◆ ABOUT THIS TASK:
From the listing below, retype exactly the line holding "#5727 = CARTESIAN_POINT", the line holding "#7430 = VECTOR ( 'NONE', #12916, 39.37008 ) ;", and the lines between them; skip everything else.

══════════

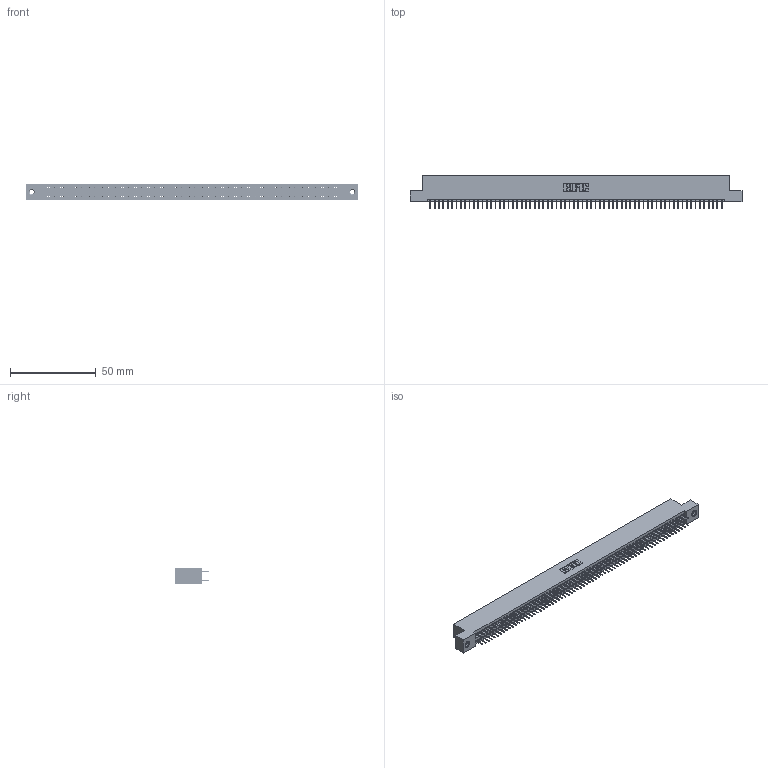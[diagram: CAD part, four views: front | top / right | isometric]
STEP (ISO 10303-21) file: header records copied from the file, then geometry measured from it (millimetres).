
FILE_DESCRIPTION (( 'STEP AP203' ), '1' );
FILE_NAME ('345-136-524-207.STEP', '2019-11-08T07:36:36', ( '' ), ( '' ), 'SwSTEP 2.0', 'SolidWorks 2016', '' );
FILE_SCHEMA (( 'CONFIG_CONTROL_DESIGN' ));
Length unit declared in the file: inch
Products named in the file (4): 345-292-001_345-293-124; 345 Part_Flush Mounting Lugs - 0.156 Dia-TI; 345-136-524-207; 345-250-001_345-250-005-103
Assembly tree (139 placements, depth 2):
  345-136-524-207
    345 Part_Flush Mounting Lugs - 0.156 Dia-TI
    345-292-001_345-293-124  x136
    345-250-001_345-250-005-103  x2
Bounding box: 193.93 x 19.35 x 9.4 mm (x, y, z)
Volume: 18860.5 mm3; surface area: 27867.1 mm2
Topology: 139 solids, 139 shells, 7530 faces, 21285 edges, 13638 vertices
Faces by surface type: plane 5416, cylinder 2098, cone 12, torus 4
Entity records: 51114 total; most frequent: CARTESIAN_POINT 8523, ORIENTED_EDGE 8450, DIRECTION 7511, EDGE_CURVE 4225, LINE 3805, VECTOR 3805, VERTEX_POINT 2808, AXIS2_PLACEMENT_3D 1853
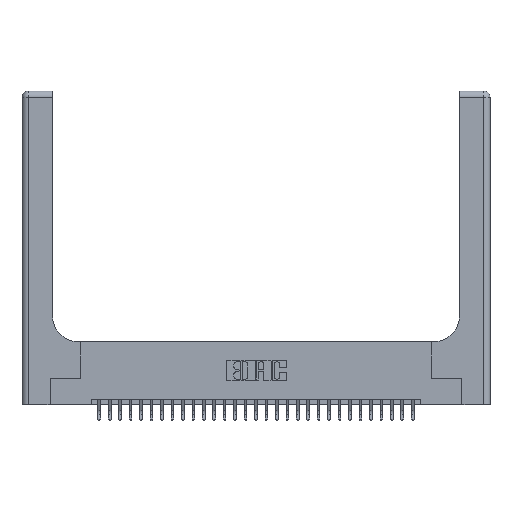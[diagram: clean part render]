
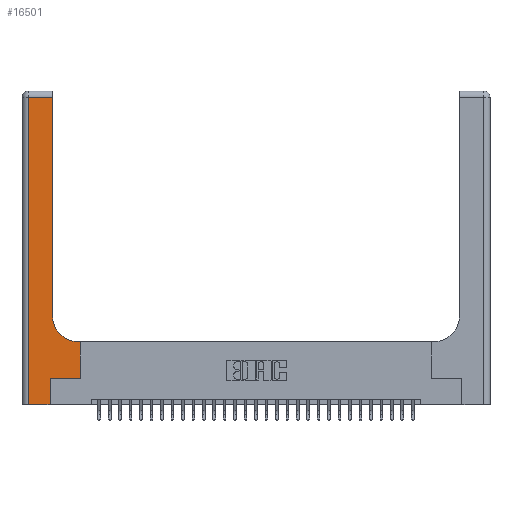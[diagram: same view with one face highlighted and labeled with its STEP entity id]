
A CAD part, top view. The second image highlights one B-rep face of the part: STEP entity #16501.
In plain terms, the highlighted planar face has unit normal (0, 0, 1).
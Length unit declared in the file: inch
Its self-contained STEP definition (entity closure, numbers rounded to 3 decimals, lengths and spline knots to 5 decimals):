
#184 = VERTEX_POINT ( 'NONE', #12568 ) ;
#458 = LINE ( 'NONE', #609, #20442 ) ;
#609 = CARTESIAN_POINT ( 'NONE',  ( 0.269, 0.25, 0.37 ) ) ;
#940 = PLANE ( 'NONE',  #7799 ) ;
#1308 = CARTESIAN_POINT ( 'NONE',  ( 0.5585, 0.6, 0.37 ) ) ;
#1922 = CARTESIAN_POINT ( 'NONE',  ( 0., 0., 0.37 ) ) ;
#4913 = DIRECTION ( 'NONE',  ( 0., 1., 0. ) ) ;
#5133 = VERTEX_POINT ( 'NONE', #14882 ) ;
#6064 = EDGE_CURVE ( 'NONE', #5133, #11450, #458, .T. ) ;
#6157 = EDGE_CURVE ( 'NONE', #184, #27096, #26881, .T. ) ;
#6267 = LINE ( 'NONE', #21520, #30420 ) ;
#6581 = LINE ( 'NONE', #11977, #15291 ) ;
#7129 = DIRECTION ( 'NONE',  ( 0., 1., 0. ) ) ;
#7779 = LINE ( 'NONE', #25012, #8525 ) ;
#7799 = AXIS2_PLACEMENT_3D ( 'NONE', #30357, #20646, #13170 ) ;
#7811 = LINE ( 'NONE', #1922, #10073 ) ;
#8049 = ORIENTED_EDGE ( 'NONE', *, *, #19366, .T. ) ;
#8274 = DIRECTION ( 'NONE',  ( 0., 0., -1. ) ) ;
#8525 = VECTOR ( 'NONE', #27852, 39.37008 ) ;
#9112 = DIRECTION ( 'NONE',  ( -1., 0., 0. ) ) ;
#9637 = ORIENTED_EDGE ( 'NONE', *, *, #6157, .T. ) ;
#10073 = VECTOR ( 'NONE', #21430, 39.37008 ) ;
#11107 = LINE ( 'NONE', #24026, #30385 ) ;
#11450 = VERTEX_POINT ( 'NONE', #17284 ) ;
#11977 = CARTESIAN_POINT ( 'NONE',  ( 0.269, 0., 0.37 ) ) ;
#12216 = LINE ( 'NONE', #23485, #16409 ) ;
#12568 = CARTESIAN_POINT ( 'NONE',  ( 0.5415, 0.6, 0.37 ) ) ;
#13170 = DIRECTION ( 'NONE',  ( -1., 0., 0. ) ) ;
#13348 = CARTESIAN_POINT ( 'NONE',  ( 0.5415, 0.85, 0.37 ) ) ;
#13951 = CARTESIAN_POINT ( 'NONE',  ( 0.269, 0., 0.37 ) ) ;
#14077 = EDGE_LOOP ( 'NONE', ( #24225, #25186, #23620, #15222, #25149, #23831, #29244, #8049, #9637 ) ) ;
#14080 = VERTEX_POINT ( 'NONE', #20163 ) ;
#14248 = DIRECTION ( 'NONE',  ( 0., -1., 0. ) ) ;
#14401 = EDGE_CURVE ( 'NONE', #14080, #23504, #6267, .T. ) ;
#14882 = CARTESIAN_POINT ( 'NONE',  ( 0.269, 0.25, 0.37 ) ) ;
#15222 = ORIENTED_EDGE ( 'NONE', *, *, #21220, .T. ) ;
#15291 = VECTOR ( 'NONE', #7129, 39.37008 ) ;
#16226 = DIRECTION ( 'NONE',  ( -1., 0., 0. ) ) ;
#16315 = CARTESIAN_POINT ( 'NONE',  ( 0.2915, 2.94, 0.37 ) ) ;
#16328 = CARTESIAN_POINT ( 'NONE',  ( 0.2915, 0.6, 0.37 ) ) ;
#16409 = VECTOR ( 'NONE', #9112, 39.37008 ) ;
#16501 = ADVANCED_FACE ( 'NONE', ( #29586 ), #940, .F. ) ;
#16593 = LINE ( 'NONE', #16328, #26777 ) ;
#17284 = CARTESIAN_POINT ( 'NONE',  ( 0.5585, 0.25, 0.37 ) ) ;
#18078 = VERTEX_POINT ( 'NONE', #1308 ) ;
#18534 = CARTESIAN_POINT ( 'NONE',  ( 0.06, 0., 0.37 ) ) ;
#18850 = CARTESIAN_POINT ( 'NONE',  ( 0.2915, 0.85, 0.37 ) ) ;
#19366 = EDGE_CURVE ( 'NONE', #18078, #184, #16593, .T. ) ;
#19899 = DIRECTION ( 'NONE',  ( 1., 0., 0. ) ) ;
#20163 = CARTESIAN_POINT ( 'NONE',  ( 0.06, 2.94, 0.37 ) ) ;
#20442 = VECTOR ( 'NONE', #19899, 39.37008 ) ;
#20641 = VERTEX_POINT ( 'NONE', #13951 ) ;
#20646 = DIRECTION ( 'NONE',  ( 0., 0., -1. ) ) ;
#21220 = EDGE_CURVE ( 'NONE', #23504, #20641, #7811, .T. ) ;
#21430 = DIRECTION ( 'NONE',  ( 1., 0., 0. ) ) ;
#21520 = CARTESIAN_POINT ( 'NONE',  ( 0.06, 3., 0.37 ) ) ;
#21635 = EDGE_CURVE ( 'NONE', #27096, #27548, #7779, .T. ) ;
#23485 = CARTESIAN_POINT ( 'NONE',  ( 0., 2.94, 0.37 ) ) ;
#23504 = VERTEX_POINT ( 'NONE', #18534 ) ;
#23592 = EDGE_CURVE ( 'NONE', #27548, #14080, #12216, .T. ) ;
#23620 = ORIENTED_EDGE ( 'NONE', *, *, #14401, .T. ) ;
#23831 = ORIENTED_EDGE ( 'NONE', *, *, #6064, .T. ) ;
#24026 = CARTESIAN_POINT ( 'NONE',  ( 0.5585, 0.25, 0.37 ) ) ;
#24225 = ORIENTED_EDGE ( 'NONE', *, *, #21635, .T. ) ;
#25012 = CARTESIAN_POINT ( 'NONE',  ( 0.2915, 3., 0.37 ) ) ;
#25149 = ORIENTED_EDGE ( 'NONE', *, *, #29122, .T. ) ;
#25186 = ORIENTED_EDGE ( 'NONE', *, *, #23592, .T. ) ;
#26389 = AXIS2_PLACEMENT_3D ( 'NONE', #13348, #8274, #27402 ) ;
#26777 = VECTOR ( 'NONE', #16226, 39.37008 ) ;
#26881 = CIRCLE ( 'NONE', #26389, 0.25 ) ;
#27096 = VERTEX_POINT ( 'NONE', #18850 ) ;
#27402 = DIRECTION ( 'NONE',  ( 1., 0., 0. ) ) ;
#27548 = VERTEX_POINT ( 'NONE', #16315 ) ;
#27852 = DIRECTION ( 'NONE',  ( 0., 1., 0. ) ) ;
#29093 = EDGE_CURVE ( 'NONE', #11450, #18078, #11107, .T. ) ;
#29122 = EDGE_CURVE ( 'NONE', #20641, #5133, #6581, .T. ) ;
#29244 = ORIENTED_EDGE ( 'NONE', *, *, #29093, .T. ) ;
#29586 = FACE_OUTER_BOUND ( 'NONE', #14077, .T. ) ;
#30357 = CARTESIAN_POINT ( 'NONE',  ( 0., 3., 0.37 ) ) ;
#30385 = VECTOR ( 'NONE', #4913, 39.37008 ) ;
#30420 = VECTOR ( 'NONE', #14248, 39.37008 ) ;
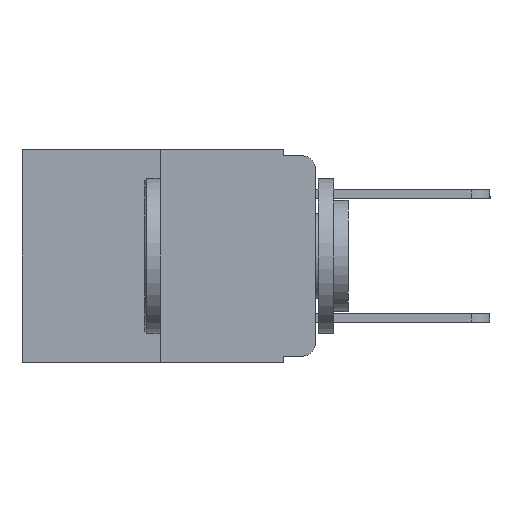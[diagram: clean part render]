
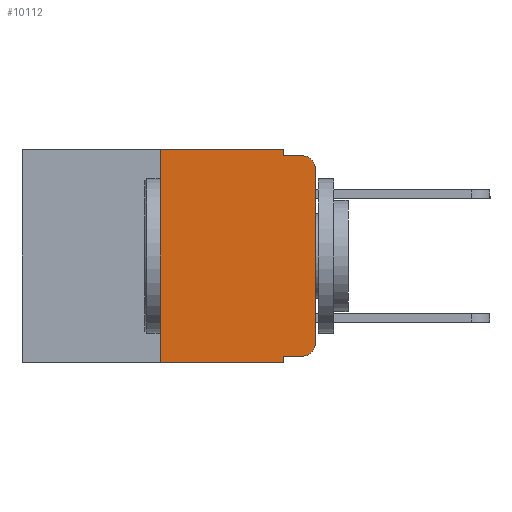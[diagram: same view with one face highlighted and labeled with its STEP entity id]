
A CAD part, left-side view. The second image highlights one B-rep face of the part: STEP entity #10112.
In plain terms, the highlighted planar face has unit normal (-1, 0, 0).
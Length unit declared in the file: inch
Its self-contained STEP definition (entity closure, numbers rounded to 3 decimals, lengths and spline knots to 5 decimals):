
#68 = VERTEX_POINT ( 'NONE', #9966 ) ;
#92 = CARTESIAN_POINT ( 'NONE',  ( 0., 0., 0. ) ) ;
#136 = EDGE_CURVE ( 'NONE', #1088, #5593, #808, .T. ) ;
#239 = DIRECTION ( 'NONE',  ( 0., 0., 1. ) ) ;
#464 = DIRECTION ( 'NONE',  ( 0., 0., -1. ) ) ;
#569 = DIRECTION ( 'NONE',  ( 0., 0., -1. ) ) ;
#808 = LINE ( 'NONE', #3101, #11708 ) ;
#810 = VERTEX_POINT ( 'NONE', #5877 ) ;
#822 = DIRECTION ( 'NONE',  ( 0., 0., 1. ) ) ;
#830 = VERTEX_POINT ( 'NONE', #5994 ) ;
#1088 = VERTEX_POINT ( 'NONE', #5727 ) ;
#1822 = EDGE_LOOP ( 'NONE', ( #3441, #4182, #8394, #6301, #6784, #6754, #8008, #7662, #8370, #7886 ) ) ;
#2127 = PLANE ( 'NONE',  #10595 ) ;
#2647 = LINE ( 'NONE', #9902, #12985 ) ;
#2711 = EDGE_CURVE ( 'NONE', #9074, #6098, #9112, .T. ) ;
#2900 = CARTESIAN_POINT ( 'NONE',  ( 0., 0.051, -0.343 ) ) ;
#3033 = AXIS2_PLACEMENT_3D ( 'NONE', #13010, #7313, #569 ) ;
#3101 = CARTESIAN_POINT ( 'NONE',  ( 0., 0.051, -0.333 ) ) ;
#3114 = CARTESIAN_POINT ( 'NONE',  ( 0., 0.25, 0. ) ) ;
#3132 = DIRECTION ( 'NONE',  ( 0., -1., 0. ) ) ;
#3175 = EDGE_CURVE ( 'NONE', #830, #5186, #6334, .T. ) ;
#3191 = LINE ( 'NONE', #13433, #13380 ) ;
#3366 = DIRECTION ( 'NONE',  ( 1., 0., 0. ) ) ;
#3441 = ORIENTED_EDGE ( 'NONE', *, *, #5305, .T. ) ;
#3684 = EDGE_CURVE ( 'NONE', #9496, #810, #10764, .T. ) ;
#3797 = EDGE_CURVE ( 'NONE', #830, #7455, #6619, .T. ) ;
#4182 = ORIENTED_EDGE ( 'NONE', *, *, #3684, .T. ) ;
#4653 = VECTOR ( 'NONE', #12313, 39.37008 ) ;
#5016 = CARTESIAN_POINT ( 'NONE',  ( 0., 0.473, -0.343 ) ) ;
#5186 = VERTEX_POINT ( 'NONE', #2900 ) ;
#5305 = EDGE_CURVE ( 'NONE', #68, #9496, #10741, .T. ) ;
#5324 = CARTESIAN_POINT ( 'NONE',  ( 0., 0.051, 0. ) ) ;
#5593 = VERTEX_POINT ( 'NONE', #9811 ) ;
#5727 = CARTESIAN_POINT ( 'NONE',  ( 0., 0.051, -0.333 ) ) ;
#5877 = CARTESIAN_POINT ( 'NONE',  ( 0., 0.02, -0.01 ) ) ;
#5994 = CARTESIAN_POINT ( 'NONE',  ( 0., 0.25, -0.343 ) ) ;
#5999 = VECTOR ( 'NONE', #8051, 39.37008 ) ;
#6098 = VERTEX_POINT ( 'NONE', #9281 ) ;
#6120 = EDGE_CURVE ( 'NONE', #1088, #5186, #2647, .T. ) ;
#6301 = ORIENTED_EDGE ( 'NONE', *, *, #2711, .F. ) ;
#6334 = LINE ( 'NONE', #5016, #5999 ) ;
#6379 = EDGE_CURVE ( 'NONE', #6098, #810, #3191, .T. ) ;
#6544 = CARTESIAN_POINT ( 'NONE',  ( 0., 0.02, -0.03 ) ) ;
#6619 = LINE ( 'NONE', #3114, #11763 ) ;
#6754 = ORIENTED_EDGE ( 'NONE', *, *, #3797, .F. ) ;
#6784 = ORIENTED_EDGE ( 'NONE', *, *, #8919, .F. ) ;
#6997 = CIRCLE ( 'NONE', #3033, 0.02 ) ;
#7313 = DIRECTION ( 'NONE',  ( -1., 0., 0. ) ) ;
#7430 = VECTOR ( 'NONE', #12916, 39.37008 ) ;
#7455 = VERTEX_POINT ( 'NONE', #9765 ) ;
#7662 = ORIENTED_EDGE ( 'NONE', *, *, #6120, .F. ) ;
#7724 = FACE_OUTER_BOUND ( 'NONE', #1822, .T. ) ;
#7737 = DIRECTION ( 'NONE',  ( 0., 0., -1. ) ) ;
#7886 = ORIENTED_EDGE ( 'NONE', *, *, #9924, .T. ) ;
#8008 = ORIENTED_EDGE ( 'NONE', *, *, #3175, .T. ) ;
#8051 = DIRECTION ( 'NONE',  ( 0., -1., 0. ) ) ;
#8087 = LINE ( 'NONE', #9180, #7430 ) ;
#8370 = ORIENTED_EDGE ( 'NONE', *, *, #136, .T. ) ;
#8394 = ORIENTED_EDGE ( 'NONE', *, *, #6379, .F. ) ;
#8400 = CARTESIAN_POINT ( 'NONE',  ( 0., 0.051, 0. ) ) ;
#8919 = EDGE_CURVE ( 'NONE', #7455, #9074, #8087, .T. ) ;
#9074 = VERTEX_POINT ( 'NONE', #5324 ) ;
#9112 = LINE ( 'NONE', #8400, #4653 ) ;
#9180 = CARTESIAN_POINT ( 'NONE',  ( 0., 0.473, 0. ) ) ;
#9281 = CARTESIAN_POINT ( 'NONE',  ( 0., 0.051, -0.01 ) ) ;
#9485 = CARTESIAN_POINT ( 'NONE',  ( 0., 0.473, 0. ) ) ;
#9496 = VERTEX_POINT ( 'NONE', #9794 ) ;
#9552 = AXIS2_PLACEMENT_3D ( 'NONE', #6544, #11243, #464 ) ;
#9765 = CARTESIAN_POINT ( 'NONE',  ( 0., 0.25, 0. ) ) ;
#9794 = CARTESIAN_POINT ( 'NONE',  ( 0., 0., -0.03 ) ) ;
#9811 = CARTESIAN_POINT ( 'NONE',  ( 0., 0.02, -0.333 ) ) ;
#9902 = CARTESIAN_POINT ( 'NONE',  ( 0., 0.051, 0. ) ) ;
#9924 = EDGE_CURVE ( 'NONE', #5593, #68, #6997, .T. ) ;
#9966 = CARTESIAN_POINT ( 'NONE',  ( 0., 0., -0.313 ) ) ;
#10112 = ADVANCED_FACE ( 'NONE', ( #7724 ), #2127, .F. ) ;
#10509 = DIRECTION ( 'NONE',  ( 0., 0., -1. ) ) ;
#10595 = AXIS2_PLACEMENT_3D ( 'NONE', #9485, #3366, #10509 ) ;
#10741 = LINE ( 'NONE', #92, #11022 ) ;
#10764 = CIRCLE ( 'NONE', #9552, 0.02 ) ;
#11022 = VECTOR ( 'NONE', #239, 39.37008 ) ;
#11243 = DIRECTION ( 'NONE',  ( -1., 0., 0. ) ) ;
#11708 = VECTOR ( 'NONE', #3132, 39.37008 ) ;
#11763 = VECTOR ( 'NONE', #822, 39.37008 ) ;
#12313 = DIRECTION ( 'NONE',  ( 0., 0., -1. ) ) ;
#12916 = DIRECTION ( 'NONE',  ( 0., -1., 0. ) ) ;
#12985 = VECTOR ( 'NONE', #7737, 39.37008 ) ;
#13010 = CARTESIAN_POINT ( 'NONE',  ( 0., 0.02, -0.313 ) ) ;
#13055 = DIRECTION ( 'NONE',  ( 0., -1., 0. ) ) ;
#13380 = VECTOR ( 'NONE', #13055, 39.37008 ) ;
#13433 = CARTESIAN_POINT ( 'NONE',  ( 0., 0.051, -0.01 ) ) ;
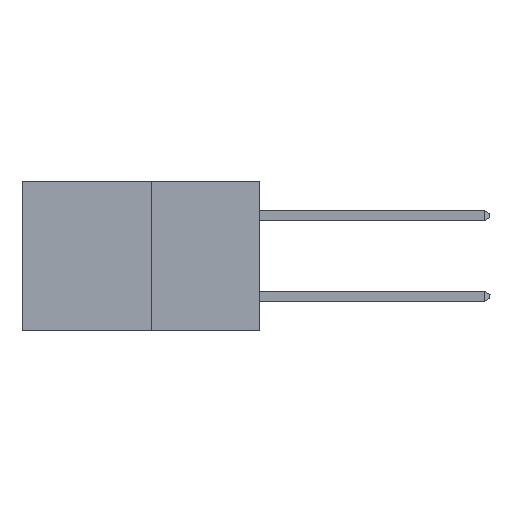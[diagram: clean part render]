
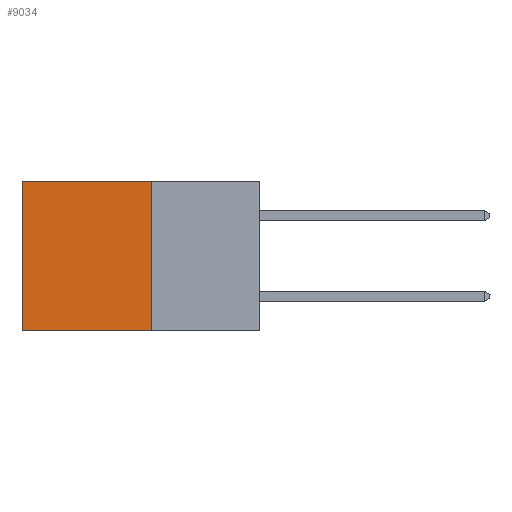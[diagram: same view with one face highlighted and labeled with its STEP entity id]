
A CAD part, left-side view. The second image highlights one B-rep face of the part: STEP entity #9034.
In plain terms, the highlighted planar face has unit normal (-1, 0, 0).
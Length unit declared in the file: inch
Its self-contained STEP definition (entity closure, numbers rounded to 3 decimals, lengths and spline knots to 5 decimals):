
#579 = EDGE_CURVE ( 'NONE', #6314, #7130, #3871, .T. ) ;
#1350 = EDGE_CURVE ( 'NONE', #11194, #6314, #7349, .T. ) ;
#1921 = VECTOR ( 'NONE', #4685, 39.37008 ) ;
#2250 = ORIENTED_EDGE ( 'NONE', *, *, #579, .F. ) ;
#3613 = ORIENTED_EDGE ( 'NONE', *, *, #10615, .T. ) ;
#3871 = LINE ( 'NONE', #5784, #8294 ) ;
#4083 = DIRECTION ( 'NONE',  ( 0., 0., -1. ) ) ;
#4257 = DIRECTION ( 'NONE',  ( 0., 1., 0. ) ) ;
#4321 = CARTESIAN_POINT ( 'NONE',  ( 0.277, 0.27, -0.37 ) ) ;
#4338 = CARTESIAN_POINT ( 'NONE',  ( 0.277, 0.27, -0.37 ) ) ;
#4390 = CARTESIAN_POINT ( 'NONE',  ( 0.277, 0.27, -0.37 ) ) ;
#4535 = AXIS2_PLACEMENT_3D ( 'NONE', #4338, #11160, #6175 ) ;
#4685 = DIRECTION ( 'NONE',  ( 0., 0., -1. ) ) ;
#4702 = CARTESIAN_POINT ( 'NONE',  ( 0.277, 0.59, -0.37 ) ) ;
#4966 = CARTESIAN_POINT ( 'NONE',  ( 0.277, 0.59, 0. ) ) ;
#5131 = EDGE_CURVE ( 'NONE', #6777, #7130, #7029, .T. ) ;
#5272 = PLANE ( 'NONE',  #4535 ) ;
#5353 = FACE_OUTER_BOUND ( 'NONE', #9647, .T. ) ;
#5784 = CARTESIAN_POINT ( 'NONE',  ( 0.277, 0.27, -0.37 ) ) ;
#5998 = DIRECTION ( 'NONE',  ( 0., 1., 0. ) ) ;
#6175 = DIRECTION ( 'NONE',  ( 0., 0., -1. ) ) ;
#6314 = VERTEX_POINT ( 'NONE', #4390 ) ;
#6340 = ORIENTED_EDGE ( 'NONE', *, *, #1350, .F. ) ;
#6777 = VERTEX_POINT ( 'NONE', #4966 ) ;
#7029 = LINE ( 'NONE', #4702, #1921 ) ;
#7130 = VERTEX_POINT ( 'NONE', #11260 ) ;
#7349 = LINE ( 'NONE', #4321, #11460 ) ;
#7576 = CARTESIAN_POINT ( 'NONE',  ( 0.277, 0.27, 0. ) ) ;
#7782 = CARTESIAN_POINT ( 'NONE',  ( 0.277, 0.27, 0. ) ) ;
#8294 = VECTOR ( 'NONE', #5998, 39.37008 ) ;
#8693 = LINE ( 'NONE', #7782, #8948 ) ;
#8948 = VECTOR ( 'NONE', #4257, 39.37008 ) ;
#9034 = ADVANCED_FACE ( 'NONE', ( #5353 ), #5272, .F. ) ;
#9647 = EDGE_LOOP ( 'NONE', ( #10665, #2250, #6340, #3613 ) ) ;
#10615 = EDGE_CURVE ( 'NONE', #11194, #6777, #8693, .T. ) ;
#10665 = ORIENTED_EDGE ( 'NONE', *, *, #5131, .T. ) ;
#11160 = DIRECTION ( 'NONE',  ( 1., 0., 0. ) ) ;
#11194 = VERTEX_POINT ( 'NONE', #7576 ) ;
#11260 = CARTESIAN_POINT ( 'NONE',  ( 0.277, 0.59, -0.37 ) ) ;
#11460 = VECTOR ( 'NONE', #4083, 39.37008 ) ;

══════════

◆ RESPONSE AREA:
#5727 = CARTESIAN_POINT ( 'NONE',  ( 0., 0.051, -0.333 ) ) ;
#5877 = CARTESIAN_POINT ( 'NONE',  ( 0., 0.02, -0.01 ) ) ;
#5994 = CARTESIAN_POINT ( 'NONE',  ( 0., 0.25, -0.343 ) ) ;
#5999 = VECTOR ( 'NONE', #8051, 39.37008 ) ;
#6098 = VERTEX_POINT ( 'NONE', #9281 ) ;
#6120 = EDGE_CURVE ( 'NONE', #1088, #5186, #2647, .T. ) ;
#6301 = ORIENTED_EDGE ( 'NONE', *, *, #2711, .F. ) ;
#6334 = LINE ( 'NONE', #5016, #5999 ) ;
#6379 = EDGE_CURVE ( 'NONE', #6098, #810, #3191, .T. ) ;
#6544 = CARTESIAN_POINT ( 'NONE',  ( 0., 0.02, -0.03 ) ) ;
#6619 = LINE ( 'NONE', #3114, #11763 ) ;
#6754 = ORIENTED_EDGE ( 'NONE', *, *, #3797, .F. ) ;
#6784 = ORIENTED_EDGE ( 'NONE', *, *, #8919, .F. ) ;
#6997 = CIRCLE ( 'NONE', #3033, 0.02 ) ;
#7313 = DIRECTION ( 'NONE',  ( -1., 0., 0. ) ) ;
#7430 = VECTOR ( 'NONE', #12916, 39.37008 ) ;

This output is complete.